Page 1 of 1

[SOLVED] Password being shown in url bar

Posted: Sun Apr 23, 2006 7:39 am
by m0u53m4t
Here is my basic login thing:

Code: Select all

<?php 
$username = $_GET["username"];
$password = md5($_GET["password"]);


if ($username == 'John' && $password == '5f4dcc3b5aa765d61d8327deb882cf99') { 
   echo 'Correct username and password'; 
} 
else { 
   echo 'Incorrect username and password'; 
} 
?>
But I use the method 'get' on my html, and therefore you can read the password in the url bar! What would I have to change to be able to change the html to use post?

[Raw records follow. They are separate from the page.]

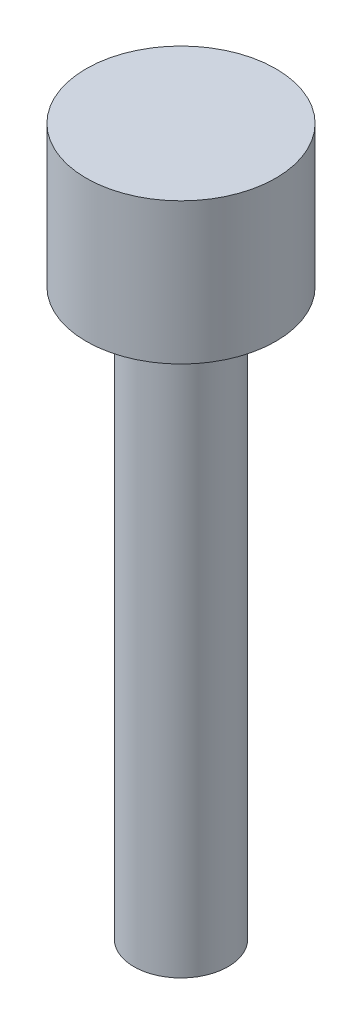
from build123d import *


with BuildPart() as part:
    # Sketch1 → Revolve1 (revolve)
    with BuildSketch(Plane.XY):
        Polygon((0, 0), (0, 15), (2.012585073, 15), (2.012585073, 12), (1, 12), (1, 0), align=None)
    revolve(axis=Axis((0, 0, 0), (0, 1, 0)))


solid = part.part
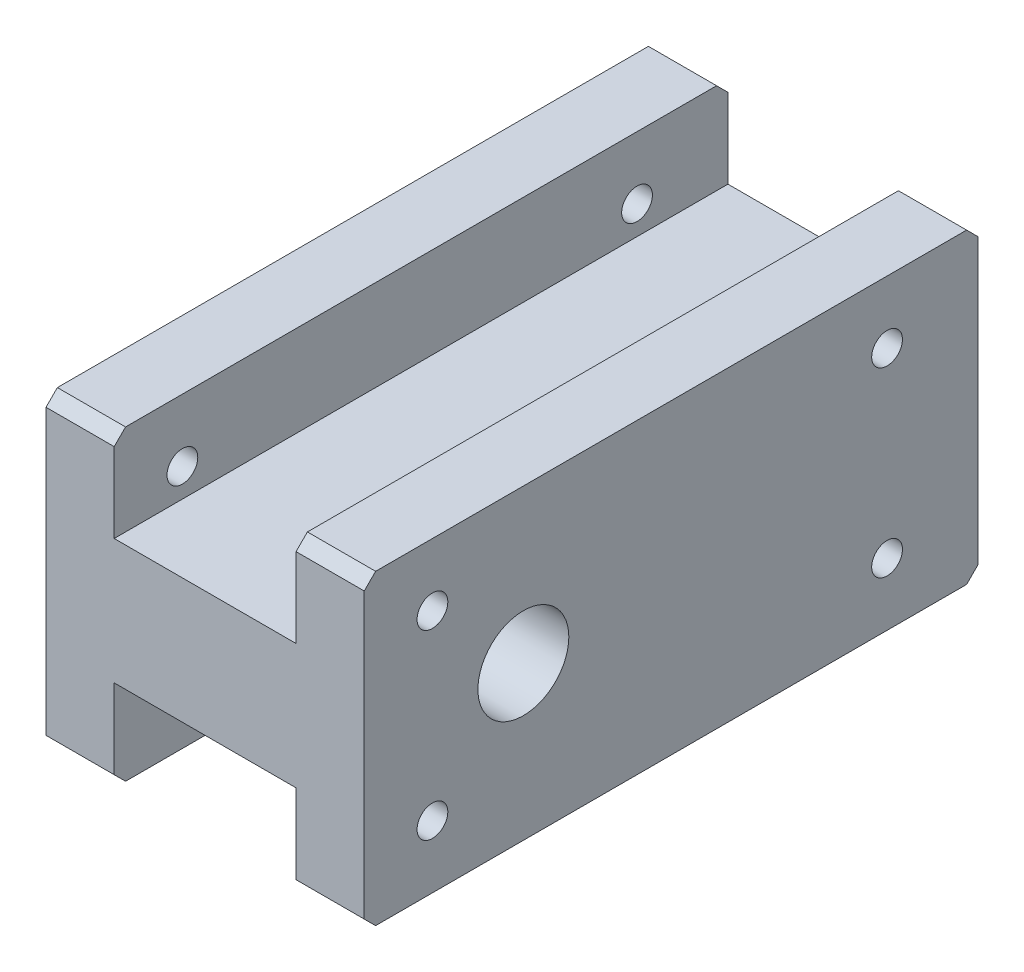
from build123d import *

# Parameters (mm, degrees)
SKETCH1_W             = 54
SKETCH1_H             = 27
SKETCH1_R             = 4
BOSS_EXTRUDE1_DEPTH   = 28
F_6_32_TAPPED_HOLE1_D = 2.7051
SKETCH4_W             = 16
SKETCH4_H             = 8
CUT_EXTRUDE1_DEPTH    = 55
CHAMFER1_SIZE         = 1


with BuildPart() as part:
    # Sketch1 → Boss-Extrude1 (new body)
    with BuildSketch(Plane(origin=(0, 0, 0), x_dir=(0, 0, -1), z_dir=(1, 0, 0))):
        with Locations((13, 0)):
            Rectangle(SKETCH1_W, SKETCH1_H)
        Circle(SKETCH1_R, mode=Mode.SUBTRACT)
    extrude(amount=-BOSS_EXTRUDE1_DEPTH)

    # #6-32 Tapped Hole1 (through all)
    with Locations(Plane(origin=(0, 0, 0), x_dir=(0, 0, -1), z_dir=(1, 0, 0))):
        with Locations((-8, 8), (-8, -8), (32, -8), (32, 8)):
            Hole(F_6_32_TAPPED_HOLE1_D / 2)

    # Sketch4 → Cut-Extrude1 (cut, through all)
    with BuildSketch(Plane.XY.offset(14)):
        with Locations((-14, 9.5)):
            Rectangle(SKETCH4_W, SKETCH4_H)
        with Locations((-14, -9.5)):
            Rectangle(SKETCH4_W, SKETCH4_H)
    extrude(amount=-CUT_EXTRUDE1_DEPTH, mode=Mode.SUBTRACT)

    # Chamfer1
    chamfer1_edges = [part.edges().sort_by_distance(p)[0] for p in [
        (-3, 13.5, -40),
        (-3, 13.5, 14),
        (-3, -13.5, 14),
        (-3, -13.5, -40),
        (-25, 13.5, 14),
        (-25, 13.5, -40),
        (-25, -13.5, -40),
        (-25, -13.5, 14),
    ]]
    chamfer(chamfer1_edges, length=CHAMFER1_SIZE)


solid = part.part
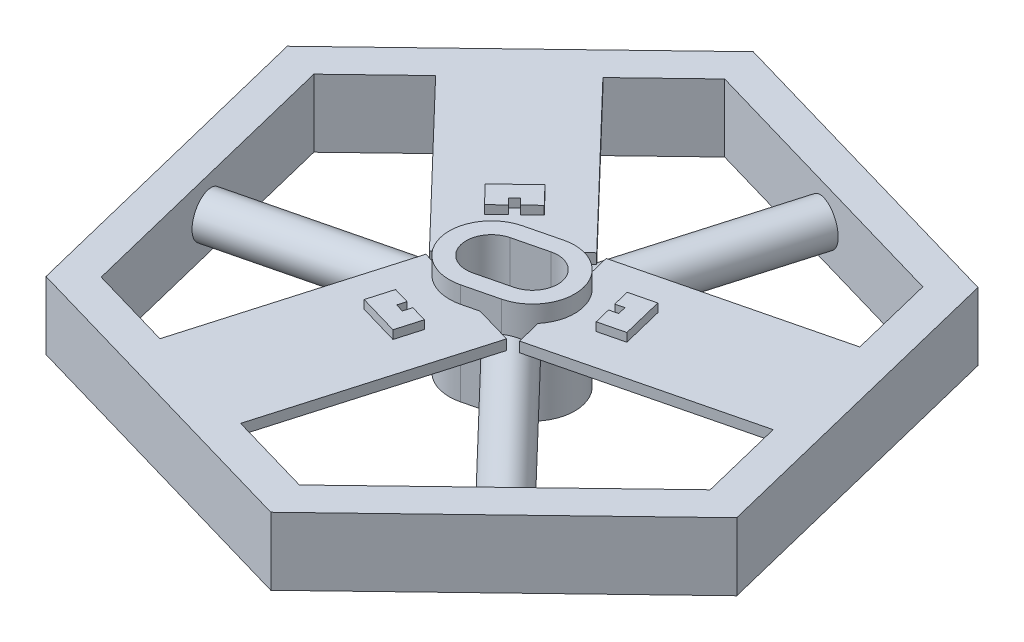
from build123d import *

# Parameters (mm, degrees)
BOSS_EXTRUDE5_DEPTH      = 40
BOSS_EXTRUDE9_DEPTH      = 10
BOSS_EXTRUDE9_DEPTH_BACK = 50
BOSS_EXTRUDE10_DEPTH     = 120
SKETCH5_R                = 12.5
BOSS_EXTRUDE11_DEPTH     = 127
BOSS_EXTRUDE12_DEPTH     = 127
SKETCH8_W                = 70
SKETCH8_H                = 6
BOSS_EXTRUDE14_DEPTH     = 127
SKETCH9_W                = 70
SKETCH9_H                = 6
BOSS_EXTRUDE15_DEPTH     = 127
SKETCH10_W               = 70
SKETCH10_H               = 6
BOSS_EXTRUDE16_DEPTH     = 124
EXTRUDE_THIN1_DEPTH      = 5


with BuildPart() as part:
    # Sketch1 → Boss-Extrude5 (new body)
    with BuildSketch(Plane(origin=(0, 0, 0), x_dir=(1, 0, 0), z_dir=(0, 1, 0))):
        Polygon((-140.670056302, -135.044197431), (46.616677458, -189.345941025), (187.28673376, -54.301743594), (140.670056302, 135.044197431), (-46.616677458, 189.345941025), (-187.28673376, 54.301743594), align=None)
        Polygon((165.106211473, -47.870743331), (124.010385559, 119.050801792), (-41.095825913, 166.921545124), (-165.106211473, 47.870743331), (-124.010385559, -119.050801792), (41.095825913, -166.921545124), align=None, mode=Mode.SUBTRACT)
    extrude(amount=BOSS_EXTRUDE5_DEPTH)



with BuildPart() as body_2:
    # Sketch3 → Boss-Extrude9 (new body, two sides)
    with BuildSketch(Plane.XZ) as boss_extrude9_sk:
        with BuildLine():
            Line((3.733551148, -26.665719488), (-15.686545368, -21.8845218))
            ThreePointArc((-15.686545368, -21.8845218), (-33.985168902, 8.367095954), (-3.733551148, 26.665719488))
            Line((-3.733551148, 26.665719488), (15.686545368, 21.8845218))
            ThreePointArc((15.686545368, 21.8845218), (33.985168902, -8.367095954), (3.733551148, -26.665719488))
        make_face()
        with BuildLine():
            Line((6.124149992, -16.955671231), (-13.295946524, -12.174473543))
            ThreePointArc((-13.295946524, -12.174473543), (-24.275120644, 5.97649711), (-6.124149992, 16.955671231))
            Line((-6.124149992, 16.955671231), (13.295946524, 12.174473543))
            ThreePointArc((13.295946524, 12.174473543), (24.275120644, -5.97649711), (6.124149992, -16.955671231))
        make_face(mode=Mode.SUBTRACT)
    extrude(amount=BOSS_EXTRUDE9_DEPTH)
    extrude(boss_extrude9_sk.sketch, amount=-BOSS_EXTRUDE9_DEPTH_BACK)


with BuildPart() as part_1:
    add(part.part)

    add(body_2.part)  # Boss-Extrude10 merges body 2
    # Sketch4 → Boss-Extrude10 (add)
    with BuildSketch(Plane(origin=(-144.558298516, 0, 35.590029231), x_dir=(-0.239059884, 0, -0.971004826), z_dir=(0.971004826, 0, -0.239059884))):
        with BuildLine():
            ThreePointArc((12.5, 20), (0, 32.5), (-12.5, 20))
            Line((-12.5, 20), (12.5, 20))
        make_face()
        with BuildLine():
            Line((12.5, 20), (-12.5, 20))
            ThreePointArc((-12.5, 20), (0, 7.5), (12.5, 20))
        make_face()
    extrude(amount=BOSS_EXTRUDE10_DEPTH)

    # Sketch5 → Boss-Extrude11 (add)
    with BuildSketch(Plane(origin=(41.457279823, 0, -142.986173458), x_dir=(0.960444789, 0, 0.27847048), z_dir=(-0.27847048, 0, 0.960444789))):
        with Locations((0, 20)):
            Circle(SKETCH5_R)
    extrude(amount=BOSS_EXTRUDE11_DEPTH)

    # Sketch6 → Boss-Extrude12 (add)
    with BuildSketch(Plane(origin=(103.101018693, 0, 107.396144227), x_dir=(-0.721384904, 0, 0.692534346), z_dir=(-0.692534346, 0, -0.721384904))):
        with BuildLine():
            ThreePointArc((-12.5, 20), (0, 7.5), (12.5, 20))
            Line((12.5, 20), (-12.5, 20))
        make_face()
        with BuildLine():
            Line((-12.5, 20), (12.5, 20))
            ThreePointArc((12.5, 20), (0, 32.5), (-12.5, 20))
        make_face()
    extrude(amount=BOSS_EXTRUDE12_DEPTH)

    # Sketch8 → Boss-Extrude14 (add)
    with BuildSketch(Plane(origin=(-103.101018693, 0, -107.396144227), x_dir=(0.721384904, 0, -0.692534346), z_dir=(0.692534346, 0, 0.721384904))):
        with Locations((0, 37)):
            Rectangle(SKETCH8_W, SKETCH8_H)
    extrude(amount=BOSS_EXTRUDE14_DEPTH)

    # Sketch9 → Boss-Extrude15 (add)
    with BuildSketch(Plane(origin=(-41.457279823, 0, 142.986173458), x_dir=(-0.960444789, 0, -0.27847048), z_dir=(0.27847048, 0, -0.960444789))):
        with Locations((0, 37)):
            Rectangle(SKETCH9_W, SKETCH9_H)
    extrude(amount=BOSS_EXTRUDE15_DEPTH)

    # Sketch10 → Boss-Extrude16 (add)
    with BuildSketch(Plane(origin=(144.558298516, 0, -35.590029231), x_dir=(0.239059884, 0, 0.971004826), z_dir=(-0.971004826, 0, 0.239059884))):
        with Locations((0, 37)):
            Rectangle(SKETCH10_W, SKETCH10_H)
    extrude(amount=BOSS_EXTRUDE16_DEPTH)

    # Sketch14 → Extrude-Thin1 (add)
    with BuildSketch(Plane(origin=(0, 40, 0), x_dir=(1, 0, 0), z_dir=(0, 1, 0))):
        Polygon((50.306594431, -0.487856845), (64.871666817, 3.098041421), (58.895169707, 27.373162065), (44.330097321, 23.787263799), (46.720696165, 14.077215541), (51.575720293, 15.272514963), (52.771019715, 10.417490835), (47.915995587, 9.222191413), align=None)
        Polygon((-25.575793637, -43.322860332), (-29.752850836, -57.72953216), (-5.741731123, -64.691294159), (-1.564673924, -50.284622331), (-11.169121809, -47.499917532), (-12.561474209, -52.302141474), (-17.363698151, -50.909789074), (-15.971345751, -46.107565132), align=None)
        Polygon((-24.730800794, 43.810717177), (-35.118815981, 54.631490739), (-53.153438584, 37.318132094), (-42.765423397, 26.497358532), (-35.551574356, 33.42270199), (-39.014246085, 37.029626511), (-35.407321564, 40.49229824), (-31.944649835, 36.885373719), align=None)
    extrude(amount=EXTRUDE_THIN1_DEPTH)


solid = part_1.part

Posted: Sun Apr 23, 2006 7:42 am
by Chris Corbyn
<form method="post" ... > ? :?

Posted: Sun Apr 23, 2006 7:44 am
by m0u53m4t
Yes sorry, I got that, I meant in the php. I just changed the two at the top to

Code: Select all

$username = $_POST["username"];
$password = md5($_POST["password"]);
and it worked :P

Posted: Sun Apr 23, 2006 7:51 am
by m0u53m4t
Is it more secure to use

Code: Select all

$password = crc32(md5($_POST["password"]));
instead of just md5 btw?

Posted: Sun Apr 23, 2006 7:53 am
by Chris Corbyn
m0u53m4t wrote:Is it more secure to use

Code: Select all

$password = crc32(md5($_POST["password"]));
instead of just md5 btw?
No it's less secure since once you start hashing hashes you're more likely to generate collisions.

Posted: Sun Apr 23, 2006 8:33 am
by m0u53m4t
so $password = md5(crc32(sha1($_POST["password"]))); is less secure than $password = md5($_POST["password"]); ???

Posted: Sun Apr 23, 2006 9:05 am
by timvw
m0u53m4t wrote:so $password = md5(crc32(sha1($_POST["password"]))); is less secure than $password = md5($_POST["password"]); ???
CRC returns a number that exists out of 32 bits. Thus one only has to try 2 ^ 32 bit combinations...

Posted: Sun Apr 23, 2006 9:42 am
by m0u53m4t
So whats the most secure hash I can use?

Posted: Sun Apr 23, 2006 10:13 am
by feyd
Portable across all PHP 4 installs? SHA256. Look in Code Snippets for a class that performs such a function.